CRBEM has had several names since its creation, and the club has worn red and white colors. Red symbolizes the love of the nation, and white represents purity and hope.

== Grounds ==
===Tahar Boudjemaa Stadium===
The old Tahar Boudjmaa Stadium, located in the city center, witnessed CRBEM face the great teams of Eastern Algeria. This stadium has been abandoned.

===Bachir Saidouni Stadium (Boutias)===
The Bachir Saidouni Stadium replaced the old Tahar Boudjemaa stadium as the club's competition venue. Operational since 2007, the Bachir Saidouni sports complex features a natural grass field, a semi-Olympic athletics track, and other facilities. The stadium has a capacity of 5,400 seats, which can be expanded in the future.

== Club Supporters ==

Rachid Amiour, known as "Doula," a supporter of CRB El Milia and the national team, was a notable figure in Eastern Algeria. He was welcomed as a star in all the stadiums of the East, where he performed his enthusiastic and lively supporter act, especially at the Mohamed Hamlaoui Stadium in Constantine, where he was a loyal supporter of the CS Constantine club. Upon his arrival in the stands, supporters would chant, "Ohohohoh Doula has arrived!" A native of El Milia from a sports-loving family, Rachid Amiour, born in 1959, was, of course, a lover of CRBEM, never missing a match or away game. He died on February 17, 1994, during the month of Ramadan on the road to Béjaia. A tribute was paid in his honor, and his family subsequently donated his banner to the El Milia club.
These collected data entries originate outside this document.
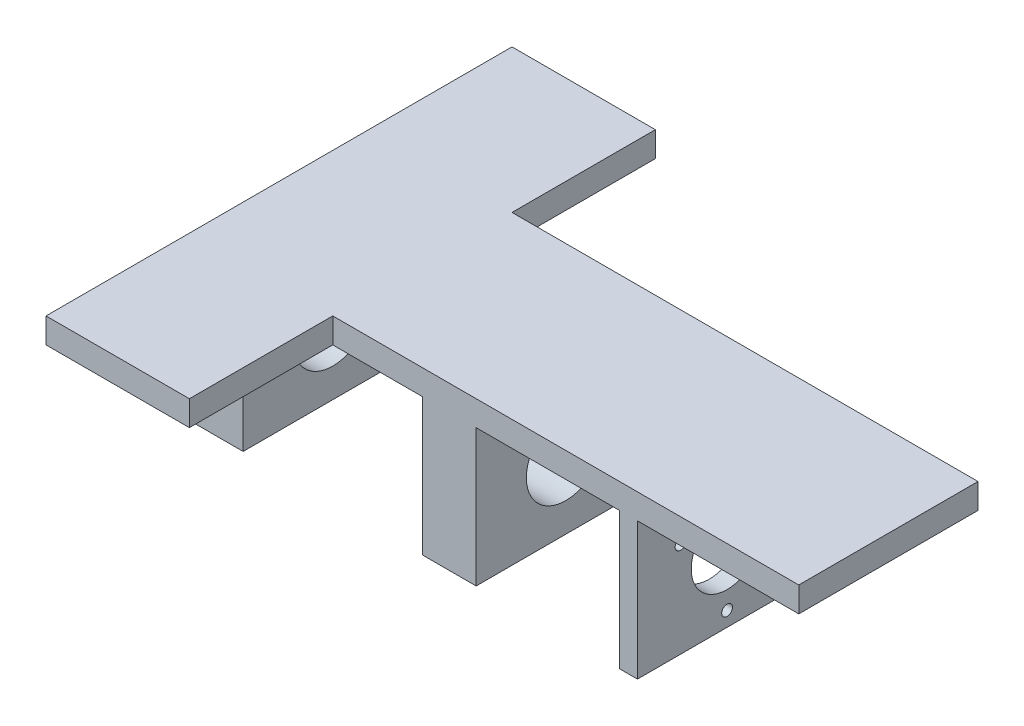
ISO-10303-21;
HEADER;
FILE_DESCRIPTION(('STEP AP214'),'2;1');
FILE_NAME('part.step','',(''),(''),'','','');
FILE_SCHEMA(('AUTOMOTIVE_DESIGN { 1 0 10303 214 1 1 1 1 }'));
ENDSEC;
DATA;
#1=APPLICATION_CONTEXT('core data for automotive mechanical design processes');
#2=APPLICATION_PROTOCOL_DEFINITION('international standard','automotive_design',2000,#1);
#3=PRODUCT_CONTEXT('',#1,'mechanical');
#4=PRODUCT('Part','Part','',(#3));
#5=PRODUCT_RELATED_PRODUCT_CATEGORY('part','',(#4));
#6=PRODUCT_DEFINITION_FORMATION('','',#4);
#7=PRODUCT_DEFINITION_CONTEXT('part definition',#1,'design');
#8=PRODUCT_DEFINITION('design','',#6,#7);
#9=PRODUCT_DEFINITION_SHAPE('','',#8);
#10=(LENGTH_UNIT() NAMED_UNIT(*) SI_UNIT(.MILLI.,.METRE.));
#11=(NAMED_UNIT(*) PLANE_ANGLE_UNIT() SI_UNIT($,.RADIAN.));
#12=(NAMED_UNIT(*) SI_UNIT($,.STERADIAN.) SOLID_ANGLE_UNIT());
#13=UNCERTAINTY_MEASURE_WITH_UNIT(LENGTH_MEASURE(1.E-05),#10,'distance_accuracy_value','');
#14=(GEOMETRIC_REPRESENTATION_CONTEXT(3) GLOBAL_UNCERTAINTY_ASSIGNED_CONTEXT((#13)) GLOBAL_UNIT_ASSIGNED_CONTEXT((#10,
#11,#12)) REPRESENTATION_CONTEXT('',''));
#15=CARTESIAN_POINT('',(0.,0.,0.));
#16=DIRECTION('',(0.,0.,1.));
#17=DIRECTION('',(1.,0.,0.));
#18=AXIS2_PLACEMENT_3D('',#15,#16,#17);
#19=CARTESIAN_POINT('',(0.,0.,40.));
#20=DIRECTION('',(0.,1.,0.));
#21=DIRECTION('',(0.,0.,1.));
#22=AXIS2_PLACEMENT_3D('',#19,#20,#21);
#23=PLANE('',#22);
#24=DIRECTION('',(0.,0.,-1.));
#25=VECTOR('',#24,1.);
#26=CARTESIAN_POINT('',(120.,0.,0.));
#27=LINE('',#26,#25);
#28=CARTESIAN_POINT('',(120.,0.,0.));
#29=VERTEX_POINT('',#28);
#30=CARTESIAN_POINT('',(120.,0.,-50.));
#31=VERTEX_POINT('',#30);
#32=EDGE_CURVE('E48',#29,#31,#27,.T.);
#33=ORIENTED_EDGE('',*,*,#32,.F.);
#34=DIRECTION('',(1.,0.,0.));
#35=VECTOR('',#34,1.);
#36=CARTESIAN_POINT('',(40.,0.,0.));
#37=LINE('',#36,#35);
#38=CARTESIAN_POINT('',(80.,0.,0.));
#39=VERTEX_POINT('',#38);
#40=EDGE_CURVE('E287',#39,#29,#37,.T.);
#41=ORIENTED_EDGE('',*,*,#40,.F.);
#42=DIRECTION('',(0.,0.,1.));
#43=VECTOR('',#42,1.);
#44=CARTESIAN_POINT('',(80.,0.,0.));
#45=LINE('',#44,#43);
#46=CARTESIAN_POINT('',(80.,0.,-50.));
#47=VERTEX_POINT('',#46);
#48=EDGE_CURVE('E192',#47,#39,#45,.T.);
#49=ORIENTED_EDGE('',*,*,#48,.F.);
#50=DIRECTION('',(-1.,0.,0.));
#51=VECTOR('',#50,1.);
#52=CARTESIAN_POINT('',(40.,0.,-50.));
#53=LINE('',#52,#51);
#54=EDGE_CURVE('E293',#31,#47,#53,.T.);
#55=ORIENTED_EDGE('',*,*,#54,.F.);
#56=EDGE_LOOP('',(#33,#41,#49,#55));
#57=FACE_BOUND('',#56,.T.);
#58=ADVANCED_FACE('F31',(#57),#23,.F.);
#59=DIRECTION('',(0.,0.,1.));
#60=VECTOR('',#59,1.);
#61=CARTESIAN_POINT('',(125.,0.,0.));
#62=LINE('',#61,#60);
#63=CARTESIAN_POINT('',(125.,0.,-50.));
#64=VERTEX_POINT('',#63);
#65=CARTESIAN_POINT('',(125.,0.,0.));
#66=VERTEX_POINT('',#65);
#67=EDGE_CURVE('E188',#64,#66,#62,.T.);
#68=ORIENTED_EDGE('',*,*,#67,.F.);
#69=CARTESIAN_POINT('',(170.,0.,-50.));
#70=VERTEX_POINT('',#69);
#71=EDGE_CURVE('E290',#70,#64,#53,.T.);
#72=ORIENTED_EDGE('',*,*,#71,.F.);
#73=DIRECTION('',(0.,0.,-1.));
#74=VECTOR('',#73,1.);
#75=CARTESIAN_POINT('',(170.,0.,0.));
#76=LINE('',#75,#74);
#77=CARTESIAN_POINT('',(170.,0.,0.));
#78=VERTEX_POINT('',#77);
#79=EDGE_CURVE('E286',#78,#70,#76,.T.);
#80=ORIENTED_EDGE('',*,*,#79,.F.);
#81=EDGE_CURVE('E282',#66,#78,#37,.T.);
#82=ORIENTED_EDGE('',*,*,#81,.F.);
#83=EDGE_LOOP('',(#68,#72,#80,#82));
#84=FACE_BOUND('',#83,.T.);
#85=ADVANCED_FACE('F359',(#84),#23,.F.);
#86=DIRECTION('',(0.,0.,-1.));
#87=VECTOR('',#86,1.);
#88=CARTESIAN_POINT('',(65.,0.,0.));
#89=LINE('',#88,#87);
#90=CARTESIAN_POINT('',(65.,0.,0.));
#91=VERTEX_POINT('',#90);
#92=CARTESIAN_POINT('',(65.,0.,-50.));
#93=VERTEX_POINT('',#92);
#94=EDGE_CURVE('E56',#91,#93,#89,.T.);
#95=ORIENTED_EDGE('',*,*,#94,.F.);
#96=CARTESIAN_POINT('',(40.,0.,0.));
#97=VERTEX_POINT('',#96);
#98=EDGE_CURVE('E283',#97,#91,#37,.T.);
#99=ORIENTED_EDGE('',*,*,#98,.F.);
#100=DIRECTION('',(0.,0.,-1.));
#101=VECTOR('',#100,1.);
#102=CARTESIAN_POINT('',(40.,0.,40.));
#103=LINE('',#102,#101);
#104=CARTESIAN_POINT('',(40.,0.,40.));
#105=VERTEX_POINT('',#104);
#106=EDGE_CURVE('E280',#105,#97,#103,.T.);
#107=ORIENTED_EDGE('',*,*,#106,.F.);
#108=DIRECTION('',(1.,0.,0.));
#109=VECTOR('',#108,1.);
#110=CARTESIAN_POINT('',(0.,0.,40.));
#111=LINE('',#110,#109);
#112=CARTESIAN_POINT('',(0.,0.,40.));
#113=VERTEX_POINT('',#112);
#114=EDGE_CURVE('E257',#113,#105,#111,.T.);
#115=ORIENTED_EDGE('',*,*,#114,.F.);
#116=DIRECTION('',(0.,0.,1.));
#117=VECTOR('',#116,1.);
#118=CARTESIAN_POINT('',(0.,0.,0.));
#119=LINE('',#118,#117);
#120=CARTESIAN_POINT('',(0.,0.,0.));
#121=VERTEX_POINT('',#120);
#122=EDGE_CURVE('E298',#121,#113,#119,.T.);
#123=ORIENTED_EDGE('',*,*,#122,.F.);
#124=DIRECTION('',(-1.,0.,0.));
#125=VECTOR('',#124,1.);
#126=CARTESIAN_POINT('',(0.,0.,0.));
#127=LINE('',#126,#125);
#128=CARTESIAN_POINT('',(15.,0.,0.));
#129=VERTEX_POINT('',#128);
#130=EDGE_CURVE('E223',#129,#121,#127,.T.);
#131=ORIENTED_EDGE('',*,*,#130,.F.);
#132=DIRECTION('',(0.,0.,1.));
#133=VECTOR('',#132,1.);
#134=CARTESIAN_POINT('',(15.,0.,0.));
#135=LINE('',#134,#133);
#136=CARTESIAN_POINT('',(15.,0.,-50.));
#137=VERTEX_POINT('',#136);
#138=EDGE_CURVE('E230',#137,#129,#135,.T.);
#139=ORIENTED_EDGE('',*,*,#138,.F.);
#140=DIRECTION('',(1.,0.,0.));
#141=VECTOR('',#140,1.);
#142=CARTESIAN_POINT('',(0.,0.,-50.));
#143=LINE('',#142,#141);
#144=CARTESIAN_POINT('',(0.,0.,-50.));
#145=VERTEX_POINT('',#144);
#146=EDGE_CURVE('E218',#145,#137,#143,.T.);
#147=ORIENTED_EDGE('',*,*,#146,.F.);
#148=CARTESIAN_POINT('',(0.,0.,-90.));
#149=VERTEX_POINT('',#148);
#150=EDGE_CURVE('E263',#149,#145,#119,.T.);
#151=ORIENTED_EDGE('',*,*,#150,.F.);
#152=DIRECTION('',(-1.,0.,0.));
#153=VECTOR('',#152,1.);
#154=CARTESIAN_POINT('',(0.,0.,-90.));
#155=LINE('',#154,#153);
#156=CARTESIAN_POINT('',(40.,0.,-90.));
#157=VERTEX_POINT('',#156);
#158=EDGE_CURVE('E295',#157,#149,#155,.T.);
#159=ORIENTED_EDGE('',*,*,#158,.F.);
#160=DIRECTION('',(0.,0.,-1.));
#161=VECTOR('',#160,1.);
#162=CARTESIAN_POINT('',(40.,0.,-90.));
#163=LINE('',#162,#161);
#164=CARTESIAN_POINT('',(40.,0.,-50.));
#165=VERTEX_POINT('',#164);
#166=EDGE_CURVE('E292',#165,#157,#163,.T.);
#167=ORIENTED_EDGE('',*,*,#166,.F.);
#168=EDGE_CURVE('E289',#93,#165,#53,.T.);
#169=ORIENTED_EDGE('',*,*,#168,.F.);
#170=EDGE_LOOP('',(#95,#99,#107,#115,#123,#131,#139,#147,#151,#159,#167,#169));
#171=FACE_BOUND('',#170,.T.);
#172=ADVANCED_FACE('F335',(#171),#23,.F.);
#173=CARTESIAN_POINT('',(0.,7.,40.));
#174=DIRECTION('',(0.,0.,-1.));
#175=DIRECTION('',(-1.,0.,0.));
#176=AXIS2_PLACEMENT_3D('',#173,#174,#175);
#177=PLANE('',#176);
#178=ORIENTED_EDGE('',*,*,#114,.T.);
#179=DIRECTION('',(0.,-1.,0.));
#180=VECTOR('',#179,1.);
#181=CARTESIAN_POINT('',(40.,7.,40.));
#182=LINE('',#181,#180);
#183=CARTESIAN_POINT('',(40.,7.,40.));
#184=VERTEX_POINT('',#183);
#185=EDGE_CURVE('E40',#184,#105,#182,.T.);
#186=ORIENTED_EDGE('',*,*,#185,.F.);
#187=DIRECTION('',(1.,0.,0.));
#188=VECTOR('',#187,1.);
#189=CARTESIAN_POINT('',(0.,7.,40.));
#190=LINE('',#189,#188);
#191=CARTESIAN_POINT('',(0.,7.,40.));
#192=VERTEX_POINT('',#191);
#193=EDGE_CURVE('E262',#192,#184,#190,.T.);
#194=ORIENTED_EDGE('',*,*,#193,.F.);
#195=DIRECTION('',(0.,-1.,0.));
#196=VECTOR('',#195,1.);
#197=CARTESIAN_POINT('',(0.,7.,40.));
#198=LINE('',#197,#196);
#199=EDGE_CURVE('E11',#192,#113,#198,.T.);
#200=ORIENTED_EDGE('',*,*,#199,.T.);
#201=EDGE_LOOP('',(#178,#186,#194,#200));
#202=FACE_BOUND('',#201,.T.);
#203=ADVANCED_FACE('F33',(#202),#177,.F.);
#204=CARTESIAN_POINT('',(40.,7.,40.));
#205=DIRECTION('',(-1.,0.,0.));
#206=DIRECTION('',(0.,0.,1.));
#207=AXIS2_PLACEMENT_3D('',#204,#205,#206);
#208=PLANE('',#207);
#209=ORIENTED_EDGE('',*,*,#106,.T.);
#210=DIRECTION('',(0.,-1.,0.));
#211=VECTOR('',#210,1.);
#212=CARTESIAN_POINT('',(40.,7.,0.));
#213=LINE('',#212,#211);
#214=CARTESIAN_POINT('',(40.,7.,0.));
#215=VERTEX_POINT('',#214);
#216=EDGE_CURVE('E310',#215,#97,#213,.T.);
#217=ORIENTED_EDGE('',*,*,#216,.F.);
#218=DIRECTION('',(0.,0.,-1.));
#219=VECTOR('',#218,1.);
#220=CARTESIAN_POINT('',(40.,7.,40.));
#221=LINE('',#220,#219);
#222=EDGE_CURVE('E265',#184,#215,#221,.T.);
#223=ORIENTED_EDGE('',*,*,#222,.F.);
#224=ORIENTED_EDGE('',*,*,#185,.T.);
#225=EDGE_LOOP('',(#209,#217,#223,#224));
#226=FACE_BOUND('',#225,.T.);
#227=ADVANCED_FACE('F372',(#226),#208,.F.);
#228=CARTESIAN_POINT('',(40.,7.,0.));
#229=DIRECTION('',(0.,0.,-1.));
#230=DIRECTION('',(-1.,0.,0.));
#231=AXIS2_PLACEMENT_3D('',#228,#229,#230);
#232=PLANE('',#231);
#233=ORIENTED_EDGE('',*,*,#98,.T.);
#234=DIRECTION('',(0.,1.,0.));
#235=VECTOR('',#234,1.);
#236=CARTESIAN_POINT('',(65.,-38.25,0.));
#237=LINE('',#236,#235);
#238=CARTESIAN_POINT('',(65.,-38.25,0.));
#239=VERTEX_POINT('',#238);
#240=EDGE_CURVE('E206',#239,#91,#237,.T.);
#241=ORIENTED_EDGE('',*,*,#240,.F.);
#242=DIRECTION('',(-1.,0.,0.));
#243=VECTOR('',#242,1.);
#244=CARTESIAN_POINT('',(65.,-38.25,0.));
#245=LINE('',#244,#243);
#246=CARTESIAN_POINT('',(80.,-38.25,0.));
#247=VERTEX_POINT('',#246);
#248=EDGE_CURVE('E205',#247,#239,#245,.T.);
#249=ORIENTED_EDGE('',*,*,#248,.F.);
#250=DIRECTION('',(0.,1.,0.));
#251=VECTOR('',#250,1.);
#252=CARTESIAN_POINT('',(80.,-38.25,0.));
#253=LINE('',#252,#251);
#254=EDGE_CURVE('E210',#247,#39,#253,.T.);
#255=ORIENTED_EDGE('',*,*,#254,.T.);
#256=ORIENTED_EDGE('',*,*,#40,.T.);
#257=DIRECTION('',(0.,1.,0.));
#258=VECTOR('',#257,1.);
#259=CARTESIAN_POINT('',(120.,-38.25,0.));
#260=LINE('',#259,#258);
#261=CARTESIAN_POINT('',(120.,-38.25,0.));
#262=VERTEX_POINT('',#261);
#263=EDGE_CURVE('E420',#262,#29,#260,.T.);
#264=ORIENTED_EDGE('',*,*,#263,.F.);
#265=DIRECTION('',(-1.,0.,0.));
#266=VECTOR('',#265,1.);
#267=CARTESIAN_POINT('',(120.,-38.25,0.));
#268=LINE('',#267,#266);
#269=CARTESIAN_POINT('',(125.,-38.25,0.));
#270=VERTEX_POINT('',#269);
#271=EDGE_CURVE('E186',#270,#262,#268,.T.);
#272=ORIENTED_EDGE('',*,*,#271,.F.);
#273=DIRECTION('',(0.,1.,0.));
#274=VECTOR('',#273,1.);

== Groupe de supporters ==
The club has two groups of supporters: Group The Faithful and Cattivi Ragazzi

| Name | Abbreviation | Creation date | Stadium location |
|---|---|---|---|
| Group The Faithful | GLF | 2017 | Tribune |
| Ultras Cattivi Ragazzi | UCR | 2016 | Tribune |

== Sports Accessories Sales ==

Several unofficial shops in the city's neighborhoods sell articles and equipment in the colors of CRBEM.

== Sponsors ==

2019: ITA Danieli Spa

== Equipment Suppliers ==

- 2016–2017: ESP Joma
- 2017–2018: GER Adidas
- 2018–2019: ESP Joma
- 2019–2020: ESP Joma
- 2020–2021: GER Adidas
- 2021–2022: GER Adidas
- 2022–2024: ITA Legea

== Management ==

Since 2022, the CRB El Milia club has been managed by Demigha Essaïd.